We are the only species on earth who lives like this, reorienting how lifestyles should work with every generation, iterating towards not biological efficiency but to further individual resource accumulation supported by society. I think its far more likely most intelligent life in the galaxy looks more like a pod of whales or a herd of gazelle than human society, which is inefficient and selfish in most respects.



> Maybe living a more primitive life, closer to how we evolved as a species before our rapid cultural evolution phase and desire to make short term profit with all the low hanging resources on earth ...

I find this nostalgia for a time when a broken bone was a death sentence to be the misdirection of valid frustration and legitimate grievances. Modern technology in many ways has been great. What hasn't been great is the capitalist organization of the economy that constnatly demands extracting every ounce of value from us so a handful of people can get even more ludicrously wealthy.

Subsistence living has a really low population density. To get to that point would mean a massive decrease in our current population. That's going to be traumatic no matter how it goes down.

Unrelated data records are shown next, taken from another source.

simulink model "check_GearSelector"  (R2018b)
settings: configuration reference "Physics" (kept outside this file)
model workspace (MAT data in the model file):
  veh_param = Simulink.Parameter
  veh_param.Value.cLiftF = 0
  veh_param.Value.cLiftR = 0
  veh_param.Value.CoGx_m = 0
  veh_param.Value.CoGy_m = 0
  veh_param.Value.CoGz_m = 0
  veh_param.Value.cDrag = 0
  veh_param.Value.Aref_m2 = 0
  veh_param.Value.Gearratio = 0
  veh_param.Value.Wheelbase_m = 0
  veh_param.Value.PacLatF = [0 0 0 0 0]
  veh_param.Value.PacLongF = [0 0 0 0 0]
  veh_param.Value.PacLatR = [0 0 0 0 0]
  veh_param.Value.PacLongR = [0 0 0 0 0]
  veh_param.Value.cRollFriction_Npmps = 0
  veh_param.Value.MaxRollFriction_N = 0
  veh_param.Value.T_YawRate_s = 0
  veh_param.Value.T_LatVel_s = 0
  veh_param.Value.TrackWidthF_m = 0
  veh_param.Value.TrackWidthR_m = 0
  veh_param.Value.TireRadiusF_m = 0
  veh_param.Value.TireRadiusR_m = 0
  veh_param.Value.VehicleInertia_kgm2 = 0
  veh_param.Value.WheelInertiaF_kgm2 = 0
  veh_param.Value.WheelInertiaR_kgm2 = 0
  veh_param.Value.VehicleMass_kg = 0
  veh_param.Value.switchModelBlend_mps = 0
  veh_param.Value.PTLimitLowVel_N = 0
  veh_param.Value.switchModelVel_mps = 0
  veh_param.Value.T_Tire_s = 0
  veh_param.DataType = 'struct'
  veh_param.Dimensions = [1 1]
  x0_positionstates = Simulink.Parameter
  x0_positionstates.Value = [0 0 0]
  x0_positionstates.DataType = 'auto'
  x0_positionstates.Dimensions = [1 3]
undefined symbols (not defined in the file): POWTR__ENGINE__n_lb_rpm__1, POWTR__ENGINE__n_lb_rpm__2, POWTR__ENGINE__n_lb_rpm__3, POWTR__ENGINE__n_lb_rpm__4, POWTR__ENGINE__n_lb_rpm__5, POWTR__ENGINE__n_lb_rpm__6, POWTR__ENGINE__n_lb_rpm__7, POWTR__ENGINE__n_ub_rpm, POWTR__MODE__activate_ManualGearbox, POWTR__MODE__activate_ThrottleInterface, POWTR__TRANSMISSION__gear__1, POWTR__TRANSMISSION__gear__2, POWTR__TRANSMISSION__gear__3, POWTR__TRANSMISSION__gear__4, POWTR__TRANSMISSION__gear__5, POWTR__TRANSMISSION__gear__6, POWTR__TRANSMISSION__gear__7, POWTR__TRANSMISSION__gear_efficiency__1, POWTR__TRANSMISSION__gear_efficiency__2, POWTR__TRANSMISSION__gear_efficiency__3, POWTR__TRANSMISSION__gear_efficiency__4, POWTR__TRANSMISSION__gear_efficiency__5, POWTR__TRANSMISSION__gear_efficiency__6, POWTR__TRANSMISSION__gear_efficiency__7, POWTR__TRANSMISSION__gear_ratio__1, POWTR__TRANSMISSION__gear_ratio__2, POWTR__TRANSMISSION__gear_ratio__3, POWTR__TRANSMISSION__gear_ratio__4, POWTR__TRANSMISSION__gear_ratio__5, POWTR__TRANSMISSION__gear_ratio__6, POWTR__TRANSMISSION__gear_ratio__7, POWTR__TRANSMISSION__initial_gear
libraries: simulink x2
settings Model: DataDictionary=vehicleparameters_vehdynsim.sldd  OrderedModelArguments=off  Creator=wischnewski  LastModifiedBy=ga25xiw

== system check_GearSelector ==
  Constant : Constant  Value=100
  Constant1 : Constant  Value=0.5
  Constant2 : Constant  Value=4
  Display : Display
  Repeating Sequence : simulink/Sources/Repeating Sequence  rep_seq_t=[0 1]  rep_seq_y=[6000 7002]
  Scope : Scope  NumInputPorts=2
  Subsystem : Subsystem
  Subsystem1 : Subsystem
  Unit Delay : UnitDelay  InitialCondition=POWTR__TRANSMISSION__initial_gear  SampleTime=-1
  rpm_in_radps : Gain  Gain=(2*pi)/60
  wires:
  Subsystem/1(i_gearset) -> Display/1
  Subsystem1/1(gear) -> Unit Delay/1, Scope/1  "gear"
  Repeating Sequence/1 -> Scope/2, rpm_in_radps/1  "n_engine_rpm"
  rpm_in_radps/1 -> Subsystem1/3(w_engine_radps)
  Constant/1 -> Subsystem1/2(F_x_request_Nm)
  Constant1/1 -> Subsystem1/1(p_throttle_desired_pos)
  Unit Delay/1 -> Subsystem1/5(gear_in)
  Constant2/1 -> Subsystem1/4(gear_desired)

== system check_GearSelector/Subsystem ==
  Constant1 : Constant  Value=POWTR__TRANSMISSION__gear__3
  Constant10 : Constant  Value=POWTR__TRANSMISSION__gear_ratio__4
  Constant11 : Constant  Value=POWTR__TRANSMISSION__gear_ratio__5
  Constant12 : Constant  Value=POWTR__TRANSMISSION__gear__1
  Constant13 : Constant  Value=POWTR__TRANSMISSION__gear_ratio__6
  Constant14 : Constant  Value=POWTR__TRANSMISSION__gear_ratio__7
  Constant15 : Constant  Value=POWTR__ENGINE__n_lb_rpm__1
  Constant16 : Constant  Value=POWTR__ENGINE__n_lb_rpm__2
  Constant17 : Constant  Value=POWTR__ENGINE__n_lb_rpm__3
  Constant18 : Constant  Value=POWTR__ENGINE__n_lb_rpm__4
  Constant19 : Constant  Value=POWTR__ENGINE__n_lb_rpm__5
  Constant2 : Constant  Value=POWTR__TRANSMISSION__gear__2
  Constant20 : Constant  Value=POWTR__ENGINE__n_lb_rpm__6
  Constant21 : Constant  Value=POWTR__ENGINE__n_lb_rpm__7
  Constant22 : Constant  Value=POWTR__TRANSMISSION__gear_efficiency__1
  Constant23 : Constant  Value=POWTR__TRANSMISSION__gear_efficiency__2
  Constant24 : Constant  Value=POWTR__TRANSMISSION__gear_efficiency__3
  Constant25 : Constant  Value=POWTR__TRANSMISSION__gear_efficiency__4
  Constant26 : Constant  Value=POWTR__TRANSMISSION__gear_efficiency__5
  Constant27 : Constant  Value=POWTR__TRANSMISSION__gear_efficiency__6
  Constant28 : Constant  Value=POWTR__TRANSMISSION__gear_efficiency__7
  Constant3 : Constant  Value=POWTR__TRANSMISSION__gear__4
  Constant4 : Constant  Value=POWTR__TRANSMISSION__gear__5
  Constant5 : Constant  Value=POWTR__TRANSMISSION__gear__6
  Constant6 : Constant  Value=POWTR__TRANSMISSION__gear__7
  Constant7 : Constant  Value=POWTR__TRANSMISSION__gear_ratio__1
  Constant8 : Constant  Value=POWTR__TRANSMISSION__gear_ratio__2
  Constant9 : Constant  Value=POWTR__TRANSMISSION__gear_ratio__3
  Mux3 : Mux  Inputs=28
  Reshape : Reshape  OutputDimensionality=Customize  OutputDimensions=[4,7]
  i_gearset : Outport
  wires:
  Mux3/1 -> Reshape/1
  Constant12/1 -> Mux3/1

If there were more equitable distribution of wealth today, we'd be incredibly well off.

As for continually expanding, that's... every species on Earth. It's necessary for survival. A species might have a bad year and the population needs to recover. Individuals may not successfuly produce the next geneation. Every species on Earth expands to fill available resources.

A complete Dyson Swarm around our Sun would (IIRC) take 1% of Mercury's mass to build, give enough living area per person about the size of Africa and have enough energy per person about what the world as a whole world currently consumes. This represents unimaginable possibilities for freedom.

But again, the Fermi Paradox is not viewed as what the likely outcome is for a given species but whether all species will follow that path. How likely really do you think it would be that no civilization would continue expanding to gain access to more energy and resources?